TO DO -
How many lines in the records below hold the string "Windows"? Please answer with the number and nothing more.

GIVEN RECORDS -
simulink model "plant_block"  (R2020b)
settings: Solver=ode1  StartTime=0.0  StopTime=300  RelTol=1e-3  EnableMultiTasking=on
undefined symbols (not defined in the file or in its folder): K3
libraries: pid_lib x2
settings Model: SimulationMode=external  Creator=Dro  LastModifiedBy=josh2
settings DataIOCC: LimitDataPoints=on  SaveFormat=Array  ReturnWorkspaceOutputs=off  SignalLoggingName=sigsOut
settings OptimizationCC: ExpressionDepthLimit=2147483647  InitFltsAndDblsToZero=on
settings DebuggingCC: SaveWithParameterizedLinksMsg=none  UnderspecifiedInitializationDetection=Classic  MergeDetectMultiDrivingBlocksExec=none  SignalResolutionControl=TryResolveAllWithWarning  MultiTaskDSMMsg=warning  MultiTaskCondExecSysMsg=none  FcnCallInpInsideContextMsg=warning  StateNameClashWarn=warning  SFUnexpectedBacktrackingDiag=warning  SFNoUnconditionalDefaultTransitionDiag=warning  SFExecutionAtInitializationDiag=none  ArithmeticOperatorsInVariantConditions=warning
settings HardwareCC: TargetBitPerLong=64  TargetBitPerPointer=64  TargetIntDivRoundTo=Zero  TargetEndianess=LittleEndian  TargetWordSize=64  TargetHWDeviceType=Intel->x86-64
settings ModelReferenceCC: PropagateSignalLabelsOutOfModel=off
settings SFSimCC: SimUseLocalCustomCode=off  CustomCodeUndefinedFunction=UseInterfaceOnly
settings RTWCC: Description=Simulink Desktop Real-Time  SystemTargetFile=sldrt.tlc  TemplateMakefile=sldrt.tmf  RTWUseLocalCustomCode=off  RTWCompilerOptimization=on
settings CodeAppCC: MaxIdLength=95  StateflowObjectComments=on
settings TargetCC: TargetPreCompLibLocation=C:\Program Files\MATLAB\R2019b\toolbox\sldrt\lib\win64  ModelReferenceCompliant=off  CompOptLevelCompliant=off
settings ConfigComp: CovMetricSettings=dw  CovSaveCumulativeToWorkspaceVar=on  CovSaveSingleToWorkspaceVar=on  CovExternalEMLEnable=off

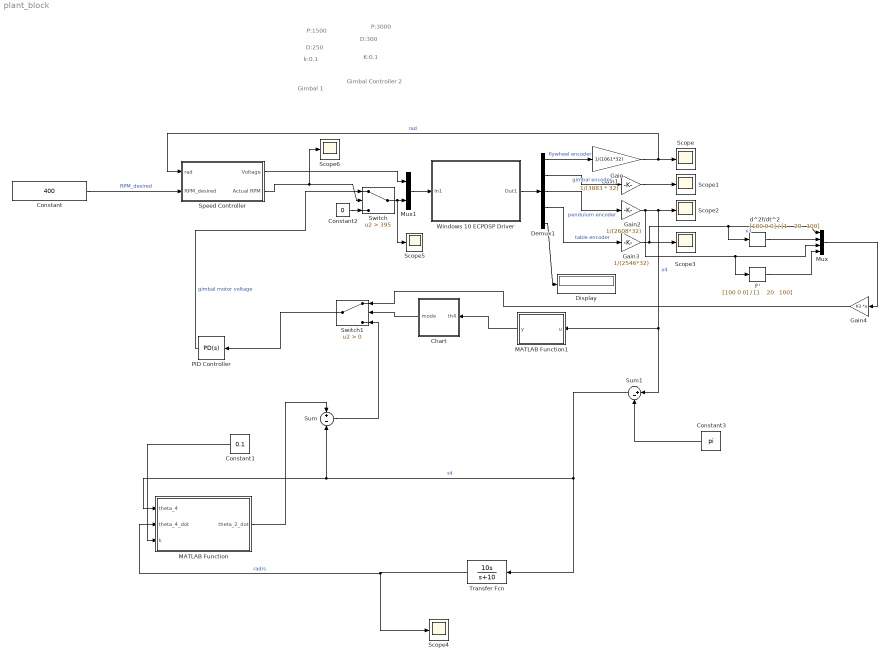
== system plant_block ==
  note: Gimbal Controller 2
  note: K:0.1
  note: D:300
  note: P:3000
  note: Gimbal 1
  note: k:0.1
  note: D:250
  note: P:1500
  Chart : Stateflow chart  TreatAsAtomicUnit=on
      settings: PortSchema="{\"entries\":[{\"content\":{\"sides\":[{\"content\":{\"connectorIds\":[\"Out1\"]},\"type\":\"ConnectorPlacement.EquallySpacedRectSide\",\"uuid\":\"9953b6da-b2d3-4ce5-b133-9611f64d20f4\"},{\"content\":{\"connectorIds\":[\"In1\"],\"side\":\"RIGHT\"},\"type\":\"ConnectorPlacement.EquallySpacedRectSide\",\"uuid\":\"e3288883-f4ff-49a0-9321-528b7a0e5843\"},{\"content\":{\"connectorIds\":[],\"side\":\"TOP\"},\"type\":\"ConnectorPlacement.EquallySpacedRectSide\",\"uuid\":\"97933b52-df16-4cb8-b063-db582d45748e\"},{\"content\":{\"connectorIds\":[],\"side\":\"HIDDEN\"},\"type\":\"ConnectorPlacement.EquallySpacedRectSide\",\"uuid\":\"7f48187c-aef4-4f80-a8fc-c0f4c8188bac\"}]},\"type\":\"ConnectorPlacement.EquallySpacedConnector\",\"uuid\":\"660afd19-2046-418b-8124-898d4ab32474\"}],\"packageUris\":[\"http://schema.mathworks.com/mf0/Connector/R2020b\"],\"version\":\"1.0\"}"
  Constant : Constant  Value=400
  Constant1 : Constant  Value=0.1
  Constant2 : Constant  Value=0
  Constant3 : Constant  Value=pi
  Demux1 : Demux  Outputs=5
      settings: DisplayOption=none
  Display : Display
  Gain : Gain  Gain=1/(1061*32)
  Gain1 : Gain  Gain=1/(3883 * 32)
  Gain2 : Gain  Gain=1/(2608*32)
  Gain3 : Gain  Gain=1/(2546*32)
  Gain4 : Gain  Gain=K3  Multiplication=Matrix(K*u)
  MATLAB Function : MATLAB Function  TreatAsAtomicUnit=on
  MATLAB Function1 : MATLAB Function  TreatAsAtomicUnit=on
  Mux : Mux
  Mux1 : Mux  Inputs=2
  PID Controller : pid_lib/PID Controller  Controller=PD  Form=Parallel  TimeDomain=Continuous-time  UseExternalTs=off  SampleTime=-1  IntegratorMethod=Forward Euler  FilterMethod=Forward Euler  ControllerParametersSource=internal  P=1500  I=0  D=38  UseFilter=on  N=100  TunerSelectOption=Transfer Function Based (PID Tuner App)  InitialConditionSource=internal  InitialConditionForIntegrator=0  InitialConditionForFilter=0  DifferentiatorICPrevScaledInput=0  ExternalReset=none  TrackingMode=off  Kt=1  LimitOutput=off  SatLimitsSource=internal  UpperSaturationLimit=inf  LowerSaturationLimit=-inf  LinearizeAsGain=on  AntiWindupMode=none  Kb=1  POutMin=[]  POutMax=[]  IOutMin=[]  IOutMax=[]  DOutMin=[]  DOutMax=[]  NOutMin=[]  NOutMax=[]  SumOutMin=[]  SumOutMax=[]  SaturationOutMin=[]  SaturationOutMax=[]  PParamMin=[]  PParamMax=[]  IParamMin=[]  IParamMax=[]  DParamMin=[]  DParamMax=[]  NParamMin=[]  NParamMax=[]  KbParamMin=[]  KbParamMax=[]  KtParamMin=[]  KtParamMax=[]  KbOutMin=[]  KbOutMax=[]  KtOutMin=[]  KtOutMax=[]  IntegratorOutMin=[]  IntegratorOutMax=[]  FilterOutMin=[]  FilterOutMax=[]  SumI1OutMin=[]  SumI1OutMax=[]  SumI2OutMin=[]  SumI2OutMax=[]  SumI3OutMin=[]  SumI3OutMax=[]  SumI4OutMin=[]  SumI4OutMax=[]  SumDOutMin=[]  SumDOutMax=[]  DifferentiatorOutMin=[]  DifferentiatorOutMax=[]  FilterDiffOutCoefMin=[]  FilterDiffOutCoefMax=[]  ReciprocalOutMin=[]  ReciprocalOutMax=[]  SumDenOutMin=[]  SumDenOutMax=[]  SumNumOutMin=[]  SumNumOutMax=[]  DivideOutMin=[]  DivideOutMax=[]  UdiffTsProdOutMin=[]  UdiffTsProdOutMax=[]  NTsProdOutMin=[]  NTsProdOutMax=[]  UintegralTsProdOutMin=[]  UintegralTsProdOutMax=[]  UngainTsProdOutMin=[]  UngainTsProdOutMax=[]  IntegratorContinuousStateAttributes=''  IntegratorStateMustResolveToSignalObject=off  IntegratorRTWStateStorageClass=Auto  FilterContinuousStateAttributes=''  FilterStateMustResolveToSignalObject=off  FilterRTWStateStorageClass=Auto  ParallelPVariant=InternalParameters  IdealPVariant=Disabled  IVariant=Disabled  DVariant=InternalParameters  IntegratorVariant=Disabled  SatVariant=Disabled  AWVariant=Disabled  PCopyVariant=Disabled  TRVariant=Disabled  FdbkBlocksVariant=Forward  IdealPFdbkVariant=Disabled  SatFdbkVariant=Disabled  DerivativeFilterVariant=ContFilter  NVariant=InternalParameters  NCopyVariant=Disabled  FilterICVariant=InternalICsFilter  IntegratorICVariant=Disabled  ExternalResetVariant=Disabled  TRSumVariant=Passthrough  SumFdbkVariant=Disabled  SumVariant=Sum_PD  TsampFilterVariant=InternalTs  TsampNgainVariant=Passthrough  TsampIntegralVariant=Disabled_SignalSpec  ExternalSaturationOutDataTypeStr=Inherit: Same as second input
  Scope{,1..6} (7 alike) : Scope
  "Speed Controller " : Subsystem
  Sum : Sum  Inputs=+-
  Sum1 : Sum  Inputs=|+-
  Switch : Switch  Criteria=u2 > Threshold  Threshold=395
  Switch1 : Switch  Criteria=u2 > Threshold
  Transfer Fcn : TransferFcn  Numerator=[10 0 ]  Denominator=[1 10]
  Windows 10 ECPDSP Driver : Subsystem  mask{BaseAddr='0x3F00', STime=0.008, TimeOutPer=500, HWAccess=on}
      mask prompts: BaseAddr "Base I/O Address"; STime "Sample Time (Sec)"; TimeOutPer "Timeout Period (500 ~ 2000)"; HWAccess "Hardware Access"
      mask Display: color('black');disp('ECPDSP Driver\n upto\n 4 Encs(ADC Channels)\n and 2 Dacs')
  d^2f/dt^2 : TransferFcn  Numerator=[100 0 0]  Denominator="[1    20   100]"
  f'' : TransferFcn  Numerator=[100 0 0]  Denominator="[1    20   100]"
  wires:
  Mux1/1 -> Windows 10 ECPDSP Driver/1(In1)
  Demux1/1 -> Gain/1  "flywheel encoder"
  Demux1/2 -> Gain1/1  "gimbal encoder"
  Demux1/3 -> Gain2/1  "pendulum encoder"
  Demux1/4 -> Gain3/1  "table encoder"
  PID Controller/1 -> Switch/1  "gimbal motor voltage"
  Windows 10 ECPDSP Driver/1(Out1) -> Demux1/1
  Demux1/5 -> Display/1
  Gain/1 -> "Speed Controller "/1(rad), Scope/1  "rad"
  Gain1/1 -> Scope1/1
  Gain3/1 -> Mux/1, d^2f/dt^2/1, Scope3/1  "x3"
  Constant/1 -> "Speed Controller "/2(RPM_desired)  "RPM_desired"
  "Speed Controller "/1(Voltage) -> Mux1/1
  Transfer Fcn/1 -> Scope4/1, MATLAB Function/2(theta_4_dot)  "rad/s"
  MATLAB Function/1(theta_2_dot) -> Sum/1
  Switch1/1 -> PID Controller/1
  Constant1/1 -> MATLAB Function/3(k)
  "Speed Controller "/2("Actual RPM ") -> Scope6/1, Switch/2
  Switch/1 -> Scope5/1, Mux1/2
  Constant2/1 -> Switch/3
  Constant3/1 -> Sum1/2
  Sum1/1 -> Sum/2, MATLAB Function/1(theta_4), Transfer Fcn/1  "t4"
  Gain2/1 -> f''/1, Mux/3, Scope2/1, Sum1/1, MATLAB Function1/1(u)  "x4"
  Mux/1 -> Gain4/1
  d^2f/dt^2/1 -> Mux/2
  f''/1 -> Mux/4
  Gain4/1 -> Switch1/1
  Chart/1(mode) -> Switch1/2
  Sum/1 -> Switch1/3
  MATLAB Function1/1(y) -> Chart/1(th4)

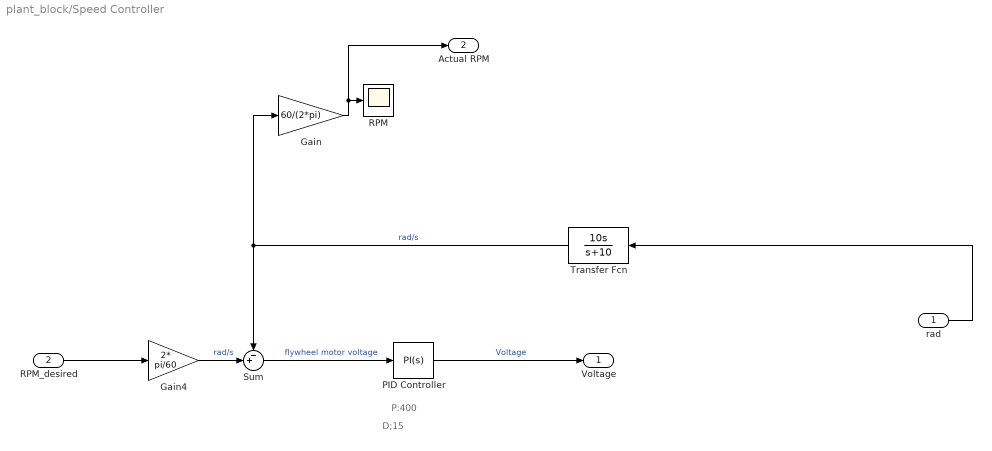
== system plant_block/Speed Controller  ==
  note: D;15
  note: P:400
  rad : Inport
  RPM_desired : Inport  Port=2
  Gain : Gain  Gain=60/(2*pi)
  Gain4 : Gain  Gain=2* pi/60
  PID Controller : pid_lib/PID Controller  Controller=PI  Form=Parallel  TimeDomain=Continuous-time  UseExternalTs=off  SampleTime=-1  IntegratorMethod=Forward Euler  FilterMethod=Forward Euler  ControllerParametersSource=internal  P=400  I=15  D=0  UseFilter=on  N=100  TunerSelectOption=Transfer Function Based (PID Tuner App)  InitialConditionSource=internal  InitialConditionForIntegrator=0  InitialConditionForFilter=0  DifferentiatorICPrevScaledInput=0  ExternalReset=none  TrackingMode=off  Kt=1  LimitOutput=off  SatLimitsSource=internal  UpperSaturationLimit=inf  LowerSaturationLimit=-inf  LinearizeAsGain=on  AntiWindupMode=none  Kb=1  POutMin=[]  POutMax=[]  IOutMin=[]  IOutMax=[]  DOutMin=[]  DOutMax=[]  NOutMin=[]  NOutMax=[]  SumOutMin=[]  SumOutMax=[]  SaturationOutMin=[]  SaturationOutMax=[]  PParamMin=[]  PParamMax=[]  IParamMin=[]  IParamMax=[]  DParamMin=[]  DParamMax=[]  NParamMin=[]  NParamMax=[]  KbParamMin=[]  KbParamMax=[]  KtParamMin=[]  KtParamMax=[]  KbOutMin=[]  KbOutMax=[]  KtOutMin=[]  KtOutMax=[]  IntegratorOutMin=[]  IntegratorOutMax=[]  FilterOutMin=[]  FilterOutMax=[]  SumI1OutMin=[]  SumI1OutMax=[]  SumI2OutMin=[]  SumI2OutMax=[]  SumI3OutMin=[]  SumI3OutMax=[]  SumI4OutMin=[]  SumI4OutMax=[]  SumDOutMin=[]  SumDOutMax=[]  DifferentiatorOutMin=[]  DifferentiatorOutMax=[]  FilterDiffOutCoefMin=[]  FilterDiffOutCoefMax=[]  ReciprocalOutMin=[]  ReciprocalOutMax=[]  SumDenOutMin=[]  SumDenOutMax=[]  SumNumOutMin=[]  SumNumOutMax=[]  DivideOutMin=[]  DivideOutMax=[]  UdiffTsProdOutMin=[]  UdiffTsProdOutMax=[]  NTsProdOutMin=[]  NTsProdOutMax=[]  UintegralTsProdOutMin=[]  UintegralTsProdOutMax=[]  UngainTsProdOutMin=[]  UngainTsProdOutMax=[]  IntegratorContinuousStateAttributes=''  IntegratorStateMustResolveToSignalObject=off  IntegratorRTWStateStorageClass=Auto  FilterContinuousStateAttributes=''  FilterStateMustResolveToSignalObject=off  FilterRTWStateStorageClass=Auto  ParallelPVariant=InternalParameters  IdealPVariant=Disabled  IVariant=InternalParameters  DVariant=Disabled  IntegratorVariant=Continuous  SatVariant=Disabled  AWVariant=Passthrough  PCopyVariant=Disabled  TRVariant=Disabled  FdbkBlocksVariant=Forward  IdealPFdbkVariant=Disabled  SatFdbkVariant=Disabled  DerivativeFilterVariant=Disabled  NVariant=Disabled  NCopyVariant=Disabled_SignalSpec  FilterICVariant=Disabled  IntegratorICVariant=InternalICs  ExternalResetVariant=Disabled  TRSumVariant=Passthrough  SumFdbkVariant=Disabled  SumVariant=Sum_PI  TsampFilterVariant=InternalTs  TsampNgainVariant=Passthrough  TsampIntegralVariant=Passthrough  ExternalSaturationOutDataTypeStr=Inherit: Same as second input
  RPM : Scope
  Sum : Sum  Inputs=-+|
  Transfer Fcn : TransferFcn  Numerator=[10 0 ]  Denominator=[1 10]
  Voltage : Outport
  "Actual RPM " : Outport  Port=2
  wires:
  Gain4/1 -> Sum/2  "rad/s"
  Transfer Fcn/1 -> Gain/1, Sum/1  "rad/s"
  Sum/1 -> PID Controller/1  "flywheel motor voltage"
  PID Controller/1 -> Voltage/1  "Voltage"
  RPM_desired/1 -> Gain4/1
  rad/1 -> Transfer Fcn/1
  Gain/1 -> "Actual RPM "/1, RPM/1

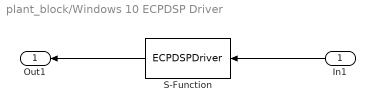
== system plant_block/Windows 10 ECPDSP Driver ==
  In1 : Inport
  S-Function : S-Function  FunctionName=ECPDSPDriver  Parameters=BaseAddr,STime,TimeOutPer,HWAccess  SFunctionDeploymentMode=off  EnableBusSupport=off
  Out1 : Outport
  wires:
  In1/1 -> S-Function/1
  S-Function/1 -> Out1/1

== matlab function plant_block/MATLAB Function1 ==
  data: u input; y output
function y = fcn(u)
% Returns the maximum difference between angular maxima
y = max(abs(mod(u, 2*pi)), abs(mod(u, 2*pi) - 2 * pi));

== matlab function plant_block/MATLAB Function ==
  data: theta_4 input; theta_2_dot output; theta_4_dot input; k input
function theta_2_dot = fcn(theta_4, theta_4_dot, k)

theta_2_dot = -(36353776222982492160*k*theta_4_dot*cos(theta_4)*((3314449799178915*theta_4_dot^2)/576460752303423488 + (7532743254738029*cos(theta_4))/18014398509481984 - 7532743254738029/18014398509481984))/(299580375726665093*pi);

end

== stateflow chart plant_block/Chart ==
  state CaptureController
    entry:
    mode=1
  state SwingUp
    entry:
    mode=0
  (default) -> SwingUp
  SwingUp -> CaptureController
  CaptureController -> SwingUp
  data: th4 input; mode output

ANSWER AREA -
4